If so, where is a good place to buy them and how do the differing prices affect the issue?

In the last two days we have struggled to get water, and it seems that the machines are fairly similar.

thanks
Rog


----------



## Grizzly (May 9, 2005)

Euro Relais bornes are made by Raclet. This is the UK Raclet agent. Its possible they will be able to answer your question or know a man who can.

RACLET LIMITED 
GORRICK - Luckley road 
RG40 4 AU WOKINGHAM - BERKSHIRE 
Tél : 0118.979.1023
e-mail : [email protected]

If the do know we'd be interested in the answer too !

G


----------



## Don_Madge (May 1, 2005)

ivys said:


> Hi Folks
> 
> Does it help to buy a stack of the Euro-Relais tokens, and are they pretty much the same throughout France? That is, are they the same and can be used in all the machines?
> If so, where is a good place to buy them and how do the differing prices affect the issue?
> ...


Hi Roger,

There are three main types bornes.

Flot Blue

Raclet

Euro Relais

There are also the locally made ones as well.

I know of at least two types of token and there is of course the ones that take Euro.

Vicarious Books "All the Aires" does tell you what type of borne is at an aire.

That's not a lot of help, you most likely knew that anyway.

Don


----------



## zulurita (May 9, 2005)

I do tend to have a small supply of Euro relais tokens. If I find somewhere to buy them then I do so, usually making sure I have around 4. Often I have arrived somewhere and the place to obtain tokens is either closed or some distance away.

Having said that there are other types of "Borne" so I do have a few different kinds. There is also a tendancy for some places to use bank cards.

The parking machine at Honfleur takes money and cards but electricity and water are included in the price so do not need tokens once parking is paid for.


----------



## teemyob (Nov 22, 2005)

*Euro Relais*

Hey,

Never heard of them, what are they?

Trev


----------



## zulurita (May 9, 2005)

Trev,

Euro Relais or "Borne" are the white machines you find at "Aire de Service" (motorhome/camping-car parking/ overnight places found in France).

These dispense water either free or for a few Euros (or tokens (jetons French) and are also where you can empty grey water and cassette toilets.

However there are other combinations such as "Flot Bleu" which are blue machines, a bit different design to the others.


----------



## homenaway (Jul 27, 2005)

We rarely have the right tokens for the bornes and they seem to differ from place to place  

The Flot Bleu bornes are more complicated and we have found ones that use:
1Euro coins . . .

4x 50 cent coins . . . 

credit/debit cards directly with instructions in several languages

A credit card payment machine to buy the tokens to use in the adjacent borne and electric hookups (at St Pee sur Nivelle near Biarritz)

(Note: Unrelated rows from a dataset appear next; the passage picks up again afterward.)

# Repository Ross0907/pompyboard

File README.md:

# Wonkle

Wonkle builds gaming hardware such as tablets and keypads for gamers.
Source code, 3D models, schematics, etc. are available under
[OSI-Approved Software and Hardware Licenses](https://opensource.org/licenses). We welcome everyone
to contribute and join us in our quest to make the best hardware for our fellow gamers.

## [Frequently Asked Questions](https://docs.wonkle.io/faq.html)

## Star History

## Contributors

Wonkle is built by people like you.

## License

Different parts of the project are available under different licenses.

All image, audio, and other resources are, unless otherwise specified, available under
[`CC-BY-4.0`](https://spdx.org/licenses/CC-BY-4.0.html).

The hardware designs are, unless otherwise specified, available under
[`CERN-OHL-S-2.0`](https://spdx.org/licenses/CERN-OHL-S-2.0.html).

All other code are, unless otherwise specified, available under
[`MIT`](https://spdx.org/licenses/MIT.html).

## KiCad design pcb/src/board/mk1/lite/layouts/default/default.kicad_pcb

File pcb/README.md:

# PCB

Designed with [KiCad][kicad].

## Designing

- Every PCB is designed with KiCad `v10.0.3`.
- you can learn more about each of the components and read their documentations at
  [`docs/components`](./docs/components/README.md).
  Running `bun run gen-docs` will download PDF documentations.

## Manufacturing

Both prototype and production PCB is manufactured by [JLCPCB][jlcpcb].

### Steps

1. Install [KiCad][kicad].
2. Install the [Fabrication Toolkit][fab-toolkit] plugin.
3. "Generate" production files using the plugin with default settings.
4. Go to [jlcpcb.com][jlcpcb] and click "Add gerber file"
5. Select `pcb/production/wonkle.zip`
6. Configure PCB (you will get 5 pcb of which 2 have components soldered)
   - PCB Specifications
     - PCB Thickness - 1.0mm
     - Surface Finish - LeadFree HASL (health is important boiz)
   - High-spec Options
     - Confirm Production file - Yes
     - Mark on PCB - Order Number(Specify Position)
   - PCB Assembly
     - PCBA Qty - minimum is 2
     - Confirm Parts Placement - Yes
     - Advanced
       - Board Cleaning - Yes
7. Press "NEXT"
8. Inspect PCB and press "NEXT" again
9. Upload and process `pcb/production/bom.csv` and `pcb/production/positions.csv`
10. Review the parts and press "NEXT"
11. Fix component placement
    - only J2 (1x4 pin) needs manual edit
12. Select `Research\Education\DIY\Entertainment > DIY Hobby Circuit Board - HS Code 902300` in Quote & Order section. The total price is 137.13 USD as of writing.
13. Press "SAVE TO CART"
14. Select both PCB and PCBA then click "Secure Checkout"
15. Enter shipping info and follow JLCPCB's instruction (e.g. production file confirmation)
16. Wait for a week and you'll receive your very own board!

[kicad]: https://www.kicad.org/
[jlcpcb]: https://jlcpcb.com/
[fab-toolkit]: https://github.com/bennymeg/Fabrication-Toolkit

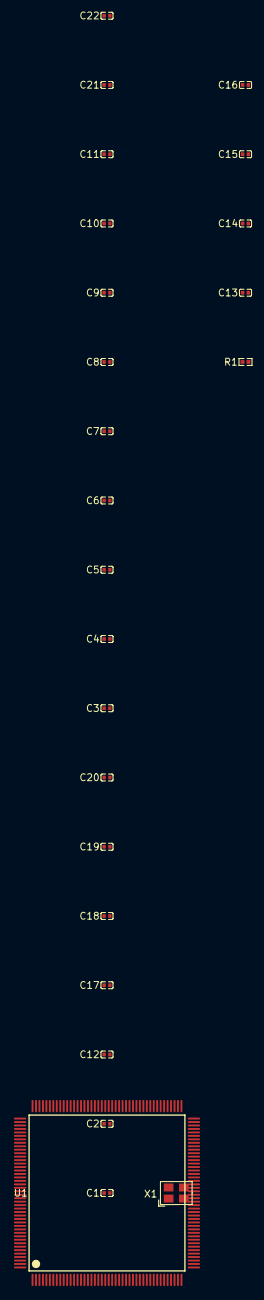
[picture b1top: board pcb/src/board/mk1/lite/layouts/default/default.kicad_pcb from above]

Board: 2 copper layers, 25 parts (0 on the bottom side), 7 nets, no tracks yet.

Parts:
C1: 4.7µF ±20%; C0402
C2, C3, C4, C5, C6, C7, C8, C9, C10, C11, C12, C17, C18, C19, C20: 100nF ±10%; C0402
C13, C14: 20pF ±5%; C0402
C15, C16: 2.2µF ±20%; C0402
C21: 1µF ±10%; C0402
C22: 10nF ±10%; C0402
R1: 1kΩ ±1%; R0402
U1: LQFP-176_L24.0-W24.0-P0.50-LS26.0-BL
X1: CRYSTAL-SMD_4P-L3.2-W2.5-BL-2

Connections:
XIN: C13.1, U1.29, X1.1
XOUT: R1.2, U1.30
hse_load_caps[1]-power-hv: C14.1, R1.1, X1.3
hv: C1.1, C2.1, C3.1, C4.1, C5.1, C6.1, C7.1, C8.1, C9.1, C10.1, C11.1, C12.1, C17.1, C18.1, C19.1, C20.1, C21.1, C22.1, U1.6, U1.15, U1.23, U1.36, U1.38, U1.39, U1.49, U1.62, U1.72, U1.82, U1.91, U1.103, U1.114, U1.127, U1.136, U1.149, U1.159, U1.172
lv: C1.2, C2.2, C3.2, C4.2, C5.2, C6.2, C7.2, C8.2, C9.2, C10.2, C11.2, C12.2, C13.2, C14.2, C15.2, C16.2, C17.2, C18.2, C19.2, C20.2, C21.2, C22.2, U1.14, U1.22, U1.37, U1.61, U1.71, U1.90, U1.102, U1.113, U1.126, U1.135, U1.148, U1.158, X1.2, X1.4
vcap_caps[0]-power-hv: C15.1, U1.81
vcap_caps[1]-power-hv: C16.1, U1.125

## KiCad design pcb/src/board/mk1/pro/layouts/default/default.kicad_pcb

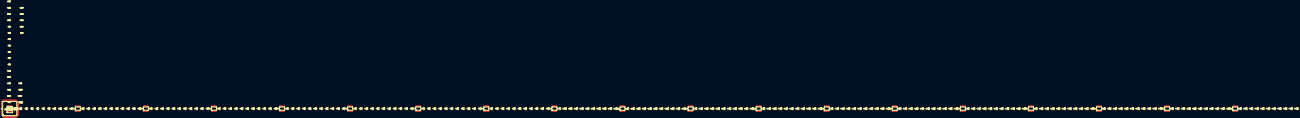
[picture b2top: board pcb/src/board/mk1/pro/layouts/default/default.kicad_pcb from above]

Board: 2 copper layers, 260 parts (0 on the bottom side), 243 nets, no tracks yet.

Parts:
C1: 4.7µF ±20%; C0402
C2, C3, C4, C5, C6, C7, C8, C9, C10, C11, C12, C17, C18, C22, C23: 100nF ±10%; C0402
C13, C14: 20pF ±5%; C0402
C15, C16: 2.2µF ±20%; C0402
C19: 10µF ±20%; C0402
C20: 22µF ±20%; C0402
C21: 3.3nF ±10%; C0402
C24: 1µF ±10%; C0402
C25: 10nF ±10%; C0402
L1: L 2.2µH ±10%; L0805
R1: 1kΩ ±1%; R0402
R2: 100kΩ ±1%; R0603
U1: LQFP-176_L24.0-W24.0-P0.50-LS26.0-BL
U2, U14, U26, U38, U50, U62, U74, U86, U98, U110, U122, U134, U146, U158, U170, U182, U194, U206, U218: SSOP-24_L8.1-W5.3-P0.65-LS7.8-BL
U3, U4, U5, U6, U7, U8, U9, U10, U11, U12, U13, U15, U16, U17, U18, U19, U20, U21, U22, U23, U24, U25, U27, U28, U29, U30, U31, U32, U33, U34, U35, U36, U37, U39, U40, U41, U42, U43, U44, U45, U46, U47, U48, U49, U51, U52, U53, U54, U55, U56, U57, U58, U59, U60, U61, U63, U64, U65, U66, U67, U68, U69, U70, U71, U72, U73, U75, U76, U77, U78, U79, U80, U81, U82, U83, U84, U85, U87, U88, U89, U90, U91, U92, U93, U94, U95, U96, U97, U99, U100, U101, U102, U103, U104, U105, U106, U107, U108, U109, U111, U112, U113, U114, U115, U116, U117, U118, U119, U120, U121, U123, U124, U125, U126, U127, U128, U129, U130, U131, U132, U133, U135, U136, U137, U138, U139, U140, U141, U142, U143, U144, U145, U147, U148, U149, U150, U151, U152, U153, U154, U155, U156, U157, U159, U160, U161, U162, U163, U164, U165, U166, U167, U168, U169, U171, U172, U173, U174, U175, U176, U177, U178, U179, U180, U181, U183, U184, U185, U186, U187, U188, U189, U190, U191, U192, U193, U195, U196, U197, U198, U199, U200, U201, U202, U203, U204, U205, U207, U208, U209, U210, U211, U212, U213, U214, U215, U216, U217, U219, U220, U221, U222, U223, U224, U225, U226, U227, U228, U229: SOT-23-3_L2.9-W1.6-P1.90-LS2.8-BR
U230: TQFN-16_L3.0-W3.0-P0.50-TL-EP1.7
USB1: USC-C-SMD_USB4085-GF-A
X1: CRYSTAL-SMD_4P-L3.2-W2.5-BL-2

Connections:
2: U2.2, U13.2
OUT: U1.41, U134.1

some seem to work on a timer others by volume of water dispensed

then there are the artisanal (home-made) bornes that are even more variable

We try and find free ones :lol: :lol: 

Steve


----------



## Grizzly (May 9, 2005)

homenaway said:


> then there are the artisanal (home-made) bornes that are even more variable
> 
> We try and find free ones :lol: :lol:
> 
> Steve


I'm glad we're not the only ones who approach bornes with a slight frisson of fear that we'll end up making a complete dog's breakfast of it all. My chief fear is that we'll drop a wheel down the waste water drain and have to be winched out.

I loved Pusser's encounter with a body-operated spray cleaning system !

G


----------



## peejay (May 10, 2005)

Steve is right, there are many different types of service point, I think the jetons differ depending on the version you are using. Its always best to head for the nearest 'office de tourisme' or mairie, they usually stock them or know where else you can get them.

For the anoraks heres a few variations of the 'borne', they can all be referred to as a 'Euro-Relais'....

Flot Bleu....









Raclet.....









aireservices....









The older Walther......










There are loads of other variations and locally produced ones, each with their own gallic charm/quirkiness.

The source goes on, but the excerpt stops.